Investigational Stem Cell Therapy for Dilated Cardiomyopathy in Dobermans
This project is currently on hold. The Research Team is actively studying various combinations of treatment to be incorporated into this study. Please call (352) 294-4639 if you would like to submit your information for future contact.
The University of Florida College of Veterinary Medicine is currently recruiting Doberman Pinschers recently diagnosed with idiopathic dilated cardiomyopathy for a clinical research trial. This investigational trial is for the development of a future treatment for dilated cardiomyopathy.
- Inclusion Criteria: Any Doberman with asymptomatic dilated cardiomyopathy
- Treatment: Dogs will be treated by transplantation of adult stem cells into the heart. Participation involves overnight stays and multiple follow up visits.
- Cost: All costs associated with the transplantation and follow up care will be covered by the study.
- Contact: Dr. Amara Estrada firstname.lastname@example.org or call the Small Animal Hospital at 352-392-2235.
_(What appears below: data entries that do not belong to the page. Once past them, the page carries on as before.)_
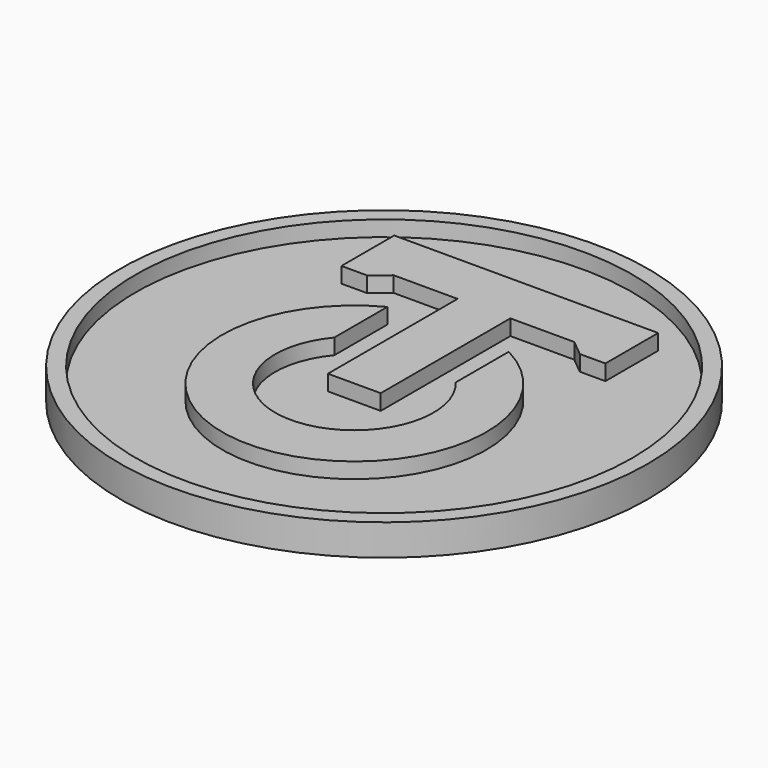
from build123d import *

# Parameters (mm, degrees)
F0_R         = 25.4
F1_DEPTH     = 1.5
F2_R         = 25.4
F2_R_2       = 23.9
F3_DEPTH     = 1.5
F5_DEPTH     = 1.5
F6_TEXT_SIZE = 17.6388888889
F7_DEPTH     = 0.6


# Not quite as in the source:
# - Text() gives the source's letters only with a copy of the font that has no kerning and outlines rounded to 1/6400 em; it was checked with that copy


with BuildPart() as f1:
    # F0 (on Top) → F1 (new body)
    with BuildSketch(Plane.XY):
        Circle(F0_R)
    extrude(amount=F1_DEPTH)

    # F2 (on face) → F3 (join)
    with BuildSketch(Plane.XY.offset(1.5)):
        Circle(F2_R)
        Circle(F2_R_2, mode=Mode.SUBTRACT)
    extrude(amount=F3_DEPTH)

    # F4 (on face) → F5 (join)
    with BuildSketch(Plane.XY.offset(1.5)):
        with BuildLine():
            Line((-5.842, 1.3123855122), (-5.842, 7.6965702233))
            ThreePointArc((-5.842, 7.6965702233), (0, -16.28), (5.842, 7.6965702233))
            Line((5.842, 7.6965702233), (5.842, 1.3123855122))
            ThreePointArc((5.842, 1.3123855122), (0, -11.2), (-5.842, 1.3123855122))
        make_face()
        Polygon((-2.54, -3.58), (0, -3.58), (2.54, -3.58), (2.54, 12.0138577503), (8.6917923763, 12.0138577503), (10.2369999513, 10.7438577503), (12.7, 10.7438577503), (12.7, 17.0938577503), (0, 17.0938577503), (-12.7, 17.0938577503), (-12.7, 10.7438577503), (-10.2369999513, 10.7438577503), (-8.6917923763, 12.0138577503), (-2.54, 12.0138577503), align=None)
    extrude(amount=F5_DEPTH)

    # F6 (on face) → F7 (cut)
    with BuildSketch(Plane(origin=(0, 0, 0), x_dir=(1, 0, 0), z_dir=(0, 0, -1))):
        with Locations(Location((19.7955186632, 6.35), (0, 0, 180))):
            Text('2543', F6_TEXT_SIZE, font='Open Sans', font_style=FontStyle.BOLD, text_align=(TextAlign.LEFT, TextAlign.BOTTOM))
    extrude(amount=-F7_DEPTH, mode=Mode.SUBTRACT)


solid = f1.part

Dilated cardiomyopathy is common condition in both people and dogs. It is a condition where the heart becomes weakened and enlarged, and it cannot pump blood efficiently. This condition often gets worse with time and can be fatal. Standard therapy assists in the management of this disease but does not cure the heart dysfunction. Recently, adult stem cell transplantation has been shown in research to repair heart function in diseased hearts due to a known cause like diseased arteries or blood clots. Results have been encouraging in both animal research and early clinical trials in humans with these types of heart disease. Dilated cardiomyopathy is often times due to an unknown cause, called idiopathic dilated cardiomyopathy. Stem Cell Therapy has not yet been researched in this type of heart disease. We are conducting a clinical trial investigating stem cell therapy in Doberman dogs with idiopathic dilated cardiomyopathy. We hope to establish information for a new treatment option in patients with heart disease from an unknown cause.